Basic steps of Bayesian spam filtering algorithm

Source: Internet
Author: User
1. Basic Steps of Bayesian filtering algorithms

1) collect a large number of spam and non-spam mails, and create a spam set and a non-spam set.
2) extract the independent strings in the subject and body of the email, such as abc32 and ¥234, as the token string, and count the number of times the extracted token string appears, that is, the word frequency. The preceding methods are used to process the spam set and all the emails in the non-spam set.
3) Each mail set corresponds to a hash table, and hashtable_good corresponds to a non-spam mail set while hashtable_bad corresponds to a spam mail set. The table stores the ing between the token string and the word frequency.
4) calculate the probability that a token string appears in each hash table P = (Word Frequency of a token string)/(corresponding to the length of the hash table)
5) Considering Both hashtable_good and hashtable_bad, It is inferred that a token string appears in the new mail, and the new mail is likely to be spam. The mathematical expression is:
A event-the email is spam;
T1, T2 ....... TN indicates the token string
P (A | Ti) indicates the probability that the email will be spam when the token string Ti appears in the email.
Set
P1 (Ti) = (the value of Ti in hashtable_good)
P2 (Ti) = (the value of Ti in hashtable _ bad)
P (A | Ti) = p1 (Ti)/[(p1 (Ti) + p2 (Ti)];
6) create a new hash table hashtable_probability to store the Ti ing between the token string Ti and P (A | TI ).
7) So far, the learning process of spam and non-spam is over. Based on the created hash table hashtable_probability, You can estimate the possibility of a new mail being spam.
When a new email is sent, follow Step 2 to generate a token string. Query hashtable_probability to obtain the key value of the token string.
Assume that N token strings, T1, T2… are obtained from the email ....... In TN and hashtable_probability, the corresponding values are P1, P2 ,...... Pn,
P (A | T1, T2, T3 ...... Tn) indicates that multiple token strings T1, T2... appear simultaneously in the email ....... TN indicates the probability that the email is spam.
Available from the compound probability formula
P (A | T1, T2, T3 ...... Tn) = (P1 * P2 *.... PN)/[P1 * P2 *..... Pn + (1-p1) * (1-p2 )*... (1-Pn)]
When P (A | T1, T2, T3 ...... Tn) when the threshold is exceeded, you can determine that the email is spam.

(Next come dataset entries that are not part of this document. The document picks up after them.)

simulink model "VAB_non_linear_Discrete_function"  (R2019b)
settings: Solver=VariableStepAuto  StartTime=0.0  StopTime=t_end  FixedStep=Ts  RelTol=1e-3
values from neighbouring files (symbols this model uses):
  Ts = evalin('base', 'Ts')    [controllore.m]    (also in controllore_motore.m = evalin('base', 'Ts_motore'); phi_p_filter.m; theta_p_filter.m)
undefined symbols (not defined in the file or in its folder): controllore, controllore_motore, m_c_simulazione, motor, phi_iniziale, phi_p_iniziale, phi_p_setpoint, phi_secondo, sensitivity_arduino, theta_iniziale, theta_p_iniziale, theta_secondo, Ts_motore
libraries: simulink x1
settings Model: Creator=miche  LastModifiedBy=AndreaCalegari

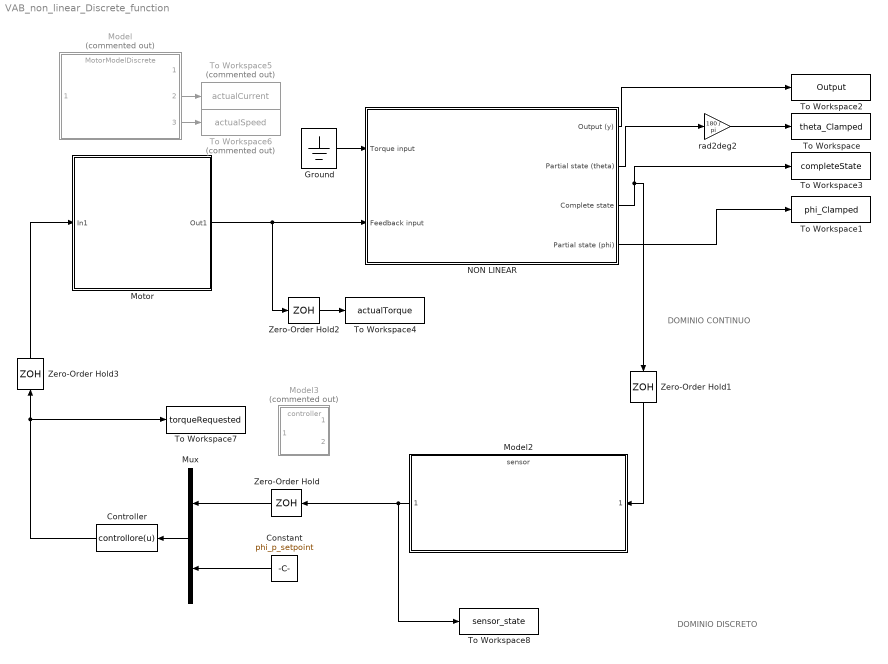
== system VAB_non_linear_Discrete_function ==
  note: DOMINIO DISCRETO
  note: DOMINIO CONTINUO
  Constant : Constant  Value=phi_p_setpoint
  Controller : MATLABFcn  MATLABFcn=controllore(u)
  Ground : Ground
  Model : ModelReference  Commented=on  ModelNameDialog=MotorModelDiscrete.slx  SimulationMode=Normal  ModelReferenceVersion=1.14
  Model2 : ModelReference  ModelNameDialog=sensor.slx  SimulationMode=Normal  ModelReferenceVersion=1.5
  Model3 : ModelReference  Commented=on  ModelNameDialog=controller.slx  SimulationMode=Normal  ModelReferenceVersion=1.18
  Motor : Subsystem
  Mux : Mux  Inputs=2
  NON LINEAR : Subsystem
  To Workspace : ToWorkspace  VariableName=theta_Clamped  SampleTime=-1
  To Workspace1 : ToWorkspace  VariableName=phi_Clamped  SampleTime=-1
  To Workspace2 : ToWorkspace  VariableName=Output  SampleTime=-1
  To Workspace3 : ToWorkspace  VariableName=completeState  SampleTime=-1
  To Workspace4 : ToWorkspace  VariableName=actualTorque  SampleTime=-1
  To Workspace5 : ToWorkspace  Commented=on  VariableName=actualCurrent  SampleTime=-1
  To Workspace6 : ToWorkspace  Commented=on  VariableName=actualSpeed  SampleTime=-1
  To Workspace7 : ToWorkspace  VariableName=torqueRequested  SampleTime=-1
  To Workspace8 : ToWorkspace  VariableName=sensor_state  SampleTime=-1
  Zero-Order Hold{,1..3} (4 alike) : ZeroOrderHold  SampleTime=Ts
  rad2deg2 : Gain  Gain=180 / pi
  wires:
  Model2/1 -> To Workspace8/1, Zero-Order Hold/1
  Constant/1 -> Mux/2
  Zero-Order Hold1/1 -> Model2/1
  Controller/1 -> To Workspace7/1, Zero-Order Hold3/1
  NON LINEAR/1(Output (y)) -> To Workspace2/1
  Zero-Order Hold3/1 -> Motor/1(In1)
  Model/3 -> To Workspace6/1
  NON LINEAR/2(Partial state (theta)) -> rad2deg2/1
  Model/2 -> To Workspace5/1
  rad2deg2/1 -> To Workspace/1
  NON LINEAR/4(Partial state (phi)) -> To Workspace1/1
  NON LINEAR/3("Complete state ") -> To Workspace3/1, Zero-Order Hold1/1
  Motor/1(Out1) -> Zero-Order Hold2/1, NON LINEAR/2(Feedback input)
  Ground/1 -> NON LINEAR/1(Torque input)
  Zero-Order Hold/1 -> Mux/1
  Zero-Order Hold2/1 -> To Workspace4/1
  Mux/1 -> Controller/1

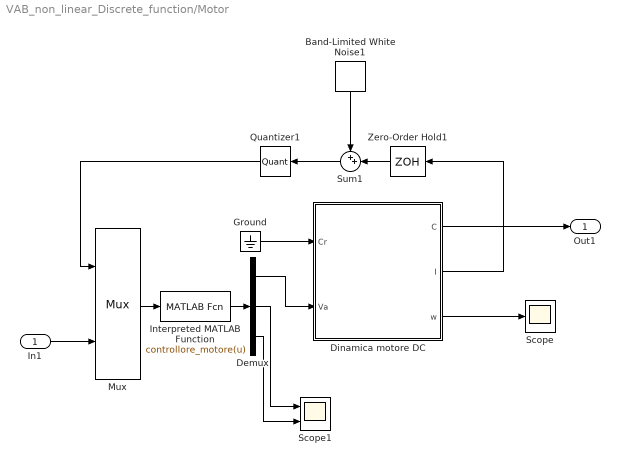
== system VAB_non_linear_Discrete_function/Motor ==
  In1 : Inport  PortDimensions=1
  Band-Limited White Noise1 : simulink/Sources/Band-Limited White Noise  Cov=[0.0001]  Ts=0.001  seed=[23341]
  Demux : Demux  Outputs=3
  Dinamica motore DC : Subsystem
  Ground : Ground
  Interpreted MATLAB Function : MATLABFcn  MATLABFcn=controllore_motore(u)  OutputDimensions=3
  Mux : Mux  Inputs=2
      settings: DisplayOption=signals
  Quantizer1 : Quantizer  QuantizationInterval=1/sensitivity_arduino
  Scope : Scope
  Scope1 : Scope  NumInputPorts=2
  Sum1 : Sum  Inputs=++|
  Zero-Order Hold1 : ZeroOrderHold  SampleTime=Ts_motore
  Out1 : Outport  PortDimensions=1
  wires:
  Dinamica motore DC/1(C) -> Out1/1
  In1/1 -> Mux/2
  Mux/1 -> Interpreted MATLAB Function/1
  Band-Limited White Noise1/1 -> Sum1/1
  Zero-Order Hold1/1 -> Sum1/2
  Dinamica motore DC/2(I) -> Zero-Order Hold1/1
  Sum1/1 -> Quantizer1/1
  Quantizer1/1 -> Mux/1
  Ground/1 -> Dinamica motore DC/1(Cr)
  Dinamica motore DC/3(w) -> Scope/1
  Interpreted MATLAB Function/1 -> Demux/1
  Demux/1 -> Dinamica motore DC/2(Va)
  Demux/2 -> Scope1/1
  Demux/3 -> Scope1/2

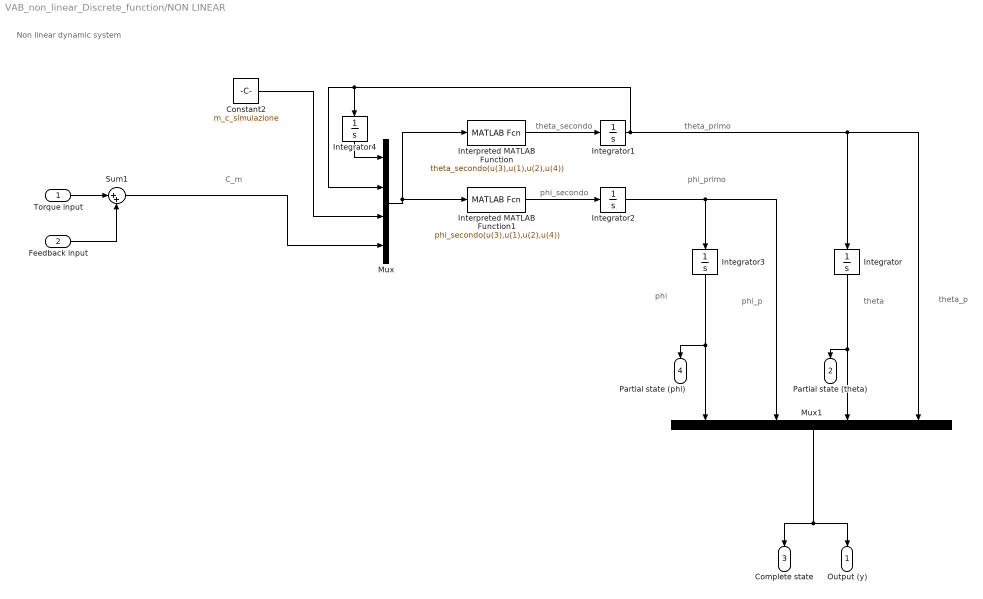
== system VAB_non_linear_Discrete_function/NON LINEAR ==
  note: Non linear dynamic system
  note: phi_primo
  note: phi
  note: theta_p
  note: theta
  note: phi_p
  note: phi_secondo
  note: C_m
  note: theta_secondo
  note: theta_primo
  Torque input : Inport  PortDimensions=1
  Feedback input : Inport  Port=2  PortDimensions=1
  Constant2 : Constant  Value=m_c_simulazione
  Integrator : Integrator  InitialCondition=theta_iniziale
  Integrator1 : Integrator  InitialCondition=theta_p_iniziale  UpperSaturationLimit=100  LowerSaturationLimit=-100
  Integrator2 : Integrator  InitialCondition=phi_p_iniziale
  Integrator3 : Integrator  InitialCondition=phi_iniziale
  Integrator4 : Integrator  InitialCondition=theta_iniziale
  Interpreted MATLAB Function : MATLABFcn  MATLABFcn=theta_secondo(u(3),u(1),u(2),u(4))  OutputDimensions=1
  Interpreted MATLAB Function1 : MATLABFcn  MATLABFcn=phi_secondo(u(3),u(1),u(2),u(4))  OutputDimensions=1
  Mux : Mux
      settings: DisplayOption=signals
  Mux1 : Mux
  Sum1 : Sum  Inputs=|++
  Output (y) : Outport
  Partial state (theta) : Outport  Port=2
  "Complete state " : Outport  Port=3
  Partial state (phi) : Outport  Port=4
  wires:
  Feedback input/1 -> Sum1/2
  Torque input/1 -> Sum1/1
  Integrator3/1 -> Partial state (phi)/1, Mux1/1
  Constant2/1 -> Mux/3
  Sum1/1 -> Mux/4
  Integrator4/1 -> Mux/1
  Interpreted MATLAB Function1/1 -> Integrator2/1
  Integrator2/1 -> Mux1/2, Integrator3/1
  Integrator1/1 -> Integrator4/1, Mux/2, Mux1/4, Integrator/1
  Integrator/1 -> Partial state (theta)/1, Mux1/3
  Interpreted MATLAB Function/1 -> Integrator1/1
  Mux1/1 -> Output (y)/1, "Complete state "/1
  Mux/1 -> Interpreted MATLAB Function/1, Interpreted MATLAB Function1/1

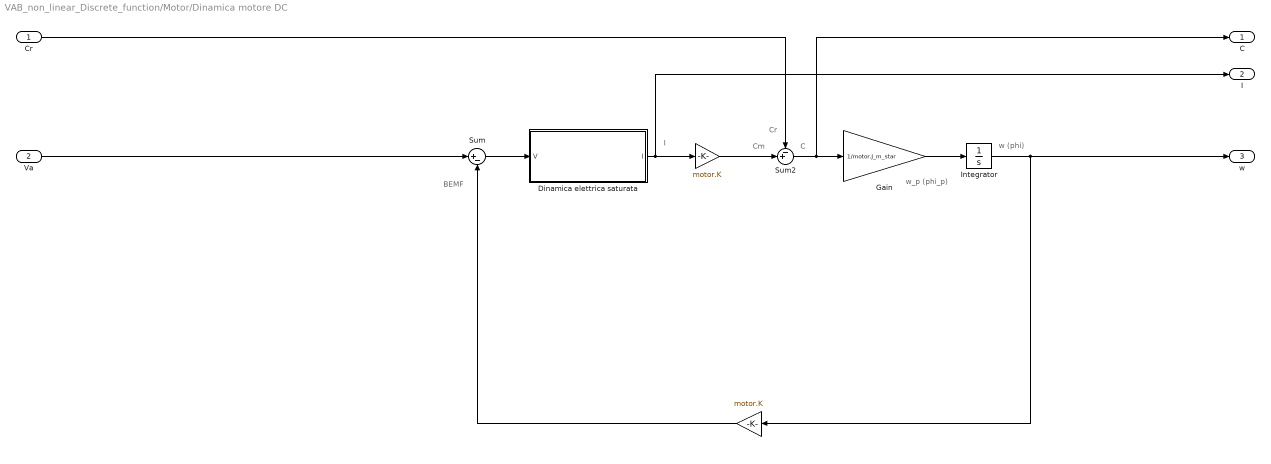
== system VAB_non_linear_Discrete_function/Motor/Dinamica motore DC ==
  note: w (phi)
  note: C
  note: I
  note: Cm
  note: Cr
  note: w_p (phi_p)
  note: BEMF
  Cr : Inport
  Va : Inport  Port=2
  " " : Gain  Gain=motor.K
  " " : Gain  Gain=motor.K
  "Dinamica elettrica saturata " : Subsystem
  Gain : Gain  Gain=1/motor.J_m_star
  Integrator : Integrator
  Sum : Sum  Inputs=|+-
  Sum2 : Sum  Inputs=-+|
  C : Outport
  I : Outport  Port=2  PortDimensions=1
  w : Outport  Port=3
  wires:
  " "/1 -> Sum2/2
  Sum2/1 -> Gain/1, C/1
  Integrator/1 -> " "/1, w/1
  "Dinamica elettrica saturata "/1(I) -> I/1, " "/1
  Cr/1 -> Sum2/1
  " "/1 -> Sum/2
  Va/1 -> Sum/1
  Sum/1 -> "Dinamica elettrica saturata "/1(V)
  Gain/1 -> Integrator/1

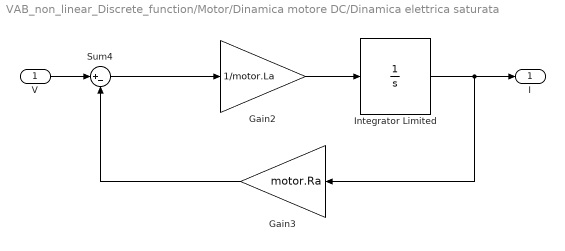
== system VAB_non_linear_Discrete_function/Motor/Dinamica motore DC/Dinamica elettrica saturata  ==
  V : Inport
  Gain2 : Gain  Gain=1/motor.La
  Gain3 : Gain  Gain=motor.Ra
  Integrator Limited : Integrator  LimitOutput=on  UpperSaturationLimit=motor.Imax  LowerSaturationLimit=-motor.Imax
  Sum4 : Sum  Inputs=|+-
  I : Outport
  wires:
  Gain3/1 -> Sum4/2
  Sum4/1 -> Gain2/1
  Gain2/1 -> Integrator Limited/1
  Integrator Limited/1 -> I/1, Gain3/1
  V/1 -> Sum4/1

Ii. Bayesian filtering algorithm example

For example, a spam email containing the words "method wheel"
And a non-spam email containing the words "legal" B
Generate hashtable _ bad according to mail a. The record in the hash table is
Method: 1 time
Round: 1 time
Merit: 1 time
Calculated in this table:
The probability of occurrence is 0. 3
The probability of a wheel appears is 0. 3
The probability of Power occurrence is 0. 3
Generate hashtable_good according to mail B. The record in this hash table is:
Method: 1
Law: 1
Calculated in this table:
The probability of occurrence is 0. 5
The probability of a law is 0. 5
Considering two hash tables, there are a total of four token strings: Law Wheel
When "method" appears in an email, the probability of the email being spam is:
P = 0. 3/(0. 3 + 0. 5) = 0. 375
When "Wheel" appears:
P = 0. 3/(0. 3 + 0) = 1
When "power" is displayed:
P = 0. 3/(0. 3 + 0) = 1
When "law" appears
P = 0/(0 + 0. 5) = 0;
The third hash table: hashtable_probability. Its data is:
Method: 0. 375
Round: 1
Merit: 1
Law: 0

When a new email contains a "Power Law", we can get two token strings, the power law.
Query the hash table hashtable_probability.
P (SPAM | merit) = 1
P (SPAM | Law) = 0
At this time, the mail is likely to be spam:
P = (0*1)/[0*1 + (1-0) * (1-1)] = 0
This mail is not spam.

Contact Us

The content source of this page is from Internet, which doesn't represent Alibaba Cloud's opinion; products and services mentioned on that page don't have any relationship with Alibaba Cloud. If the content of the page makes you feel confusing, please write us an email, we will handle the problem within 5 days after receiving your email.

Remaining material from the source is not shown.